Every developer building a data agent has hit the same wall. You prompt your agent to calculate monthly recurring revenue, and it spends three turns and two thousand tokens simply trying to remember which table holds the subscription dates. Then, it finally generates a query, but it hallucinates a column name or applies a filter that contradicts your company's internal business logic. This cycle of schema discovery and correction is not a prompting failure; it is a structural gap in how LLMs interact with structured data warehouses.
The Architecture of Actionable Context
Anthropic is addressing this friction by open-sourcing ktx, an internal analysis engine designed to serve as an actionable context layer for data and analysis agents. Rather than forcing an agent to rediscover the database schema with every new session, ktx provides a standardized path for agents to access data warehouses and generate queries with high precision. The engine is built for broad compatibility, supporting a wide array of database environments including PostgreSQL, Snowflake, BigQuery, ClickHouse, MySQL, SQL Server, and SQLite.
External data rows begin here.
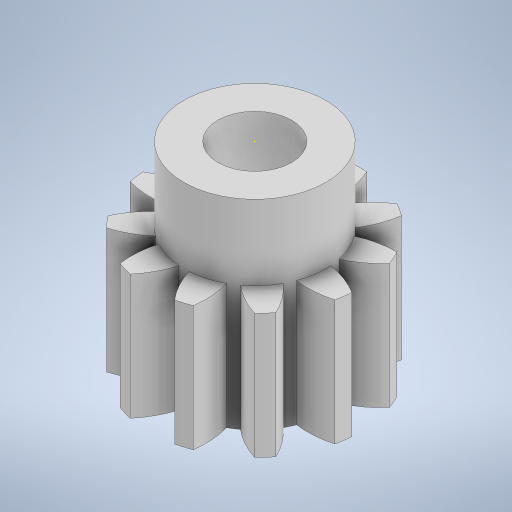
# Autodesk Inventor part: piniongear
Saved by Autodesk Inventor 2024 (Build 280153000, 153)
## iProperties
Created: 2024-05-02
Part Number: piniongear
Material: Generic
Document SubType Name: Modeling
Designer: maja6
Density: 1 g/cm^3
Appearance: Default
Author: maja6
Autodesk Inventor part; units mm, degrees
ref_plane "YZ Plane" through (0, 0, 0) normal (1, 0, 0) x (0, 1, 0)
ref_plane "XZ Plane" through (0, 0, 0) normal (0, 1, 0) x (-1, 0, 0)
ref_plane "XY Plane" through (0, 0, 0) normal (0, 0, 1) x (1, 0, 0)
sketch "Sketch1" plane through (0, 0, 0) normal (0, 0, 1) x (1, 0, 0)
  circle A0 centre (0, 0) radius 8.5
  dimension "d0" = 17
  constraints: 1 centre point, 1 coincident
  measures "d0" diameter of A0
extrude "Extrusion1" add sketch "Sketch1" along normal blind 5
spur gear teeth "Spur Gear1" teeth 11 pitch diameter 13.75 tip diameter 16.7792 root diameter 11.375 face width 5 trims to tip circle yes start plane through (0, 0, 5) normal (0, 0, 1) x (1, 0, 0)
sketch "Sketch2" plane through (0, 0, 5) normal (0, 0, 1) x (1, 0, 0)
  circle A0 centre (0, 0) radius 3.05
  circle A1 centre (0, 0) radius 5.6875
  point P0 (4.5531, 3.4084)
  dimension "d3" = 6.1
  constraints: 2 coincident, 1 centre point, 3 other
  measures "d3" diameter of A0
extrude "Extrusion2" add sketch "Sketch2" along normal blind 6
extrude "Extrusion3" cut sketch "Sketch2" against normal blind 6 contours A0
sketch "Sketch3" plane through (0, 0, 5) normal (0, 0, 1) x (1, 0, 0)
  line L0 (-1.9876, 4.927) -> (1.6861, 4.927)
  line L1 (1.6861, 4.927) -> (1.6861, 4.0217)
  line L2 (1.6861, 4.0217) -> (-1.9876, 4.0217)
  line L3 (-1.9876, 4.0217) -> (-1.9876, 4.927)
  point P0 (0, 0)
  constraints: 8 end point, 2 parallel, 1 horizontal, 1 perpendicular
sketch "Sketch4" plane through (0, 0, 11) normal (0, 0, 1) x (1, 0, 0)
  arc A0 (-1.209, 5.5575) -> (-1.9876, 5.3289) centre (0, 0) ccw projected
  line L0 (-1.9876, 5.3289) -> (1.9927, 5.3289)
  line L1 (1.9927, 5.3289) -> (1.9927, 4.1825)
  line L2 (1.9927, 4.1825) -> (-1.9876, 4.1825)
  line L3 (-1.9876, 4.1825) -> (-1.9876, 5.3289)
  constraints: 8 end point, 2 parallel, 1 horizontal, 1 perpendicular
extrude "Extrusion4" add sketch "Sketch4" along normal blind 6
sketch "Sketch5" plane through (-1.9876, 5.3289, 11) normal (0, 1, 0) x (1, 0, 0)
  circle A0 centre (1.9876, 3.0949) radius 1.5
  point P0 (1.9876, 11)
  dimension "d10" = 3
  constraints: 1 centre point
  measures "d10" diameter of A0
extrude "Extrusion5" cut sketch "Sketch5" along normal mid plane 30
sketch "Sketch6" plane through (-1.9876, 5.3289, 11) normal (0, 1, 0) x (1, 0, 0)
  line L0 (0, 0) -> (0, -6) projected
  line L1 (0, 0) -> (8.0095, 0)
  line L2 (8.0095, 0) -> (8.0095, -7.9416)
  line L3 (8.0095, -7.9416) -> (0, -7.9416)
  line L4 (0, -7.9416) -> (0, 0)
  point P0 (1.9876, 11)
  constraints: 8 end point, 2 parallel, 1 horizontal, 1 perpendicular
extrude "Extrusion6" cut sketch "Sketch6" against normal blind 30
thread "Thread1" size "M3x0.5" class "6H" standard "ANSI Metric M Profile" full length
thread "Thread2" size "M3x0.5" class "6H" standard "ANSI Metric M Profile" full length
sketch "Sketch7" plane through (0, 0, 11) normal (0, 0, 1) x (1, 0, 0)
  circle A0 centre (0, 0) radius 3.05
  circle A1 centre (0, 0) radius 2.95
  dimension "d19" = 5.9
  constraints: 2 centre point, 2 coincident
  measures "d19" diameter of A1
extrude "Extrusion7" add sketch "Sketch7" against normal blind 11
sketch "Sketch8" plane through (0, 0, 11) normal (0, 0, 1) x (1, 0, 0)
  circle A0 centre (0, 0) radius 2.95
  circle A1 centre (0, 0) radius 5.6875
  constraints: 2 centre point, 2 coincident
extrude "Extrusion8" add sketch "Sketch8" against normal blind 10
extrude "Extrusion9" add sketch "Sketch3" along normal blind 10
sketch "Sketch9" plane through (0, 0, 0) normal (0, 0, -1) x (-1, 0, 0)
  arc A0 (4.5531, 3.4084) -> (4.0217, 4.0217) centre (0, 0) ccw projected
  arc A1 (7.3634, 4.0207) -> (4.5531, 3.4084) centre (7.409, -2.9439) ccw projected
  arc A2 (7.8606, 2.9319) -> (7.3634, 4.0207) centre (0, 0) ccw projected
  arc A3 (5.5575, 1.209) -> (7.8606, 2.9319) centre (2.627, 7.5272) ccw projected
  arc A4 (5.673, 0.4057) -> (5.5575, 1.209) centre (0, 0) ccw projected
  arc A5 (8.3682, -0.5985) -> (5.673, 0.4057) centre (4.6413, -6.4821) ccw projected
  arc A6 (8.1979, -1.7833) -> (8.3682, -0.5985) centre (0, 0) ccw projected
  arc A7 (5.3289, -1.9876) -> (8.1979, -1.7833) centre (6.2795, 4.912) ccw projected
  arc A8 (4.9918, -2.7257) -> (5.3289, -1.9876) centre (0, 0) ccw projected
  arc A9 (6.7162, -5.0277) -> (4.9918, -2.7257) centre (0.4, -7.9624) ccw projected
  arc A10 (5.9324, -5.9324) -> (6.7162, -5.0277) centre (0, 0) ccw projected
  arc A11 (3.4084, -4.5531) -> (5.9324, -5.9324) centre (7.9383, 0.7373) ccw projected
  arc A12 (2.7257, -4.9918) -> (3.4084, -4.5531) centre (0, 0) ccw projected
  arc A13 (2.9319, -7.8606) -> (2.7257, -4.9918) centre (-3.9683, -6.9146) ccw projected
  arc A14 (1.7833, -8.1979) -> (2.9319, -7.8606) centre (0, 0) ccw projected
  arc A15 (0.4057, -5.673) -> (1.7833, -8.1979) centre (7.0767, -3.6715) ccw projected
  arc A16 (-0.4057, -5.673) -> (0.4057, -5.673) centre (0, 0) ccw projected
  arc A17 (-1.7833, -8.1979) -> (-0.4057, -5.673) centre (-7.0767, -3.6715) ccw projected
  arc A18 (-2.9319, -7.8606) -> (-1.7833, -8.1979) centre (0, 0) ccw projected
  arc A19 (-2.7257, -4.9918) -> (-2.9319, -7.8606) centre (3.9683, -6.9146) ccw projected
  arc A20 (-3.4084, -4.5531) -> (-2.7257, -4.9918) centre (0, 0) ccw projected
  arc A21 (-5.9324, -5.9324) -> (-3.4084, -4.5531) centre (-7.9383, 0.7373) ccw projected
  arc A22 (-6.7162, -5.0277) -> (-5.9324, -5.9324) centre (0, 0) ccw projected
  arc A23 (-4.9918, -2.7257) -> (-6.7162, -5.0277) centre (-0.4, -7.9624) ccw projected
  arc A24 (-5.3289, -1.9876) -> (-4.9918, -2.7257) centre (0, 0) ccw projected
  arc A25 (-8.1979, -1.7833) -> (-5.3289, -1.9876) centre (-6.2795, 4.912) ccw projected
  arc A26 (-8.3682, -0.5985) -> (-8.1979, -1.7833) centre (0, 0) ccw projected
  arc A27 (-5.673, 0.4057) -> (-8.3682, -0.5985) centre (-4.6413, -6.4821) ccw projected
  arc A28 (-5.5575, 1.209) -> (-5.673, 0.4057) centre (0, 0) ccw projected
  arc A29 (-7.8606, 2.9319) -> (-5.5575, 1.209) centre (-2.627, 7.5272) ccw projected
  arc A30 (-7.3634, 4.0207) -> (-7.8606, 2.9319) centre (0, 0) ccw projected
  arc A31 (-4.5531, 3.4084) -> (-7.3634, 4.0207) centre (-7.409, -2.9439) ccw projected
  arc A32 (-4.0217, 4.0217) -> (-4.5531, 3.4084) centre (0, 0) ccw projected
  arc A33 (-5.0277, 6.7162) -> (-4.0217, 4.0217) centre (1.8595, 7.7525) ccw projected
  arc A34 (-4.0207, 7.3634) -> (-5.0277, 6.7162) centre (0, 0) ccw projected
  arc A35 (-1.9876, 5.3289) -> (-4.0207, 7.3634) centre (-7.8244, 1.5291) ccw projected
  arc A36 (-1.209, 5.5575) -> (-1.9876, 5.3289) centre (0, 0) ccw projected
  arc A37 (-0.5985, 8.3682) -> (-1.209, 5.5575) centre (5.7556, 5.5165) ccw projected
  arc A38 (0.5985, 8.3682) -> (-0.5985, 8.3682) centre (0, 0) ccw projected
  arc A39 (1.209, 5.5575) -> (0.5985, 8.3682) centre (-5.7556, 5.5165) ccw projected
  arc A40 (1.9876, 5.3289) -> (1.209, 5.5575) centre (0, 0) ccw projected
  arc A41 (4.0207, 7.3634) -> (1.9876, 5.3289) centre (7.8244, 1.5291) ccw projected
  arc A42 (5.0277, 6.7162) -> (4.0207, 7.3634) centre (0, 0) ccw projected
  arc A43 (4.0217, 4.0217) -> (5.0277, 6.7162) centre (-1.8595, 7.7525) ccw projected
  circle A44 centre (0, 0) radius 2.95 projected
extrude "Extrusion10" add sketch "Sketch9" along normal blind 5
sketch "Sketch10" plane through (0, 0, 11) normal (0, 0, 1) x (1, 0, 0)
  point P0 (0, 0)
sketch "Sketch11" plane through (-1.9876, 4.0217, 11) normal (0, -1, 0) x (1, 0, 0)
  line L0 (3.6737, 4) -> (0, 4) projected
  line L1 (3.6737, 0) -> (3.6737, 4) projected
  line L2 (0, 4) -> (3.6737, 4)
  line L3 (3.6737, 4) -> (3.6737, 0)
  line L4 (3.6737, 0) -> (0, 0)
  line L5 (0, 0) -> (0, 4)
  point P0 (1.9876, -11)
  constraints: 8 end point, 2 parallel, 1 horizontal, 1 perpendicular
extrude "Extrusion11" cut sketch "Sketch11" against normal blind 10
body "Solid1"

Beyond raw database support, ktx integrates with the existing ecosystem of analysis tools and semantic layers. It connects with dbt for data transformation, as well as MetricFlow, LookML, Looker, Metabase, and Notion. By bridging these tools, ktx ensures that the agent is not guessing the meaning of a column but is instead pulling from a source of truth. The system focuses on building and maintaining a repository of approved metric definitions, joinable columns, and institutional business knowledge. This transforms the agent's role from a blind query writer into a guided analyst that operates within the guardrails of the organization's specific data definitions.
From Static Semantic Layers to Self-Improving Context
To understand why ktx matters, one must look at the failure of the traditional semantic layer. For years, enterprises have relied on manual semantic layers where engineers painstakingly define every metric and relationship in a static file. These systems are brittle; the moment a table schema changes or a business definition evolves, the semantic layer breaks, requiring manual intervention. When a general-purpose AI agent is dropped into this environment, it often ignores the static definitions in favor of its own probabilistic guesses, leading to the inconsistent results and "hallucinated metrics" that plague current AI data pipelines.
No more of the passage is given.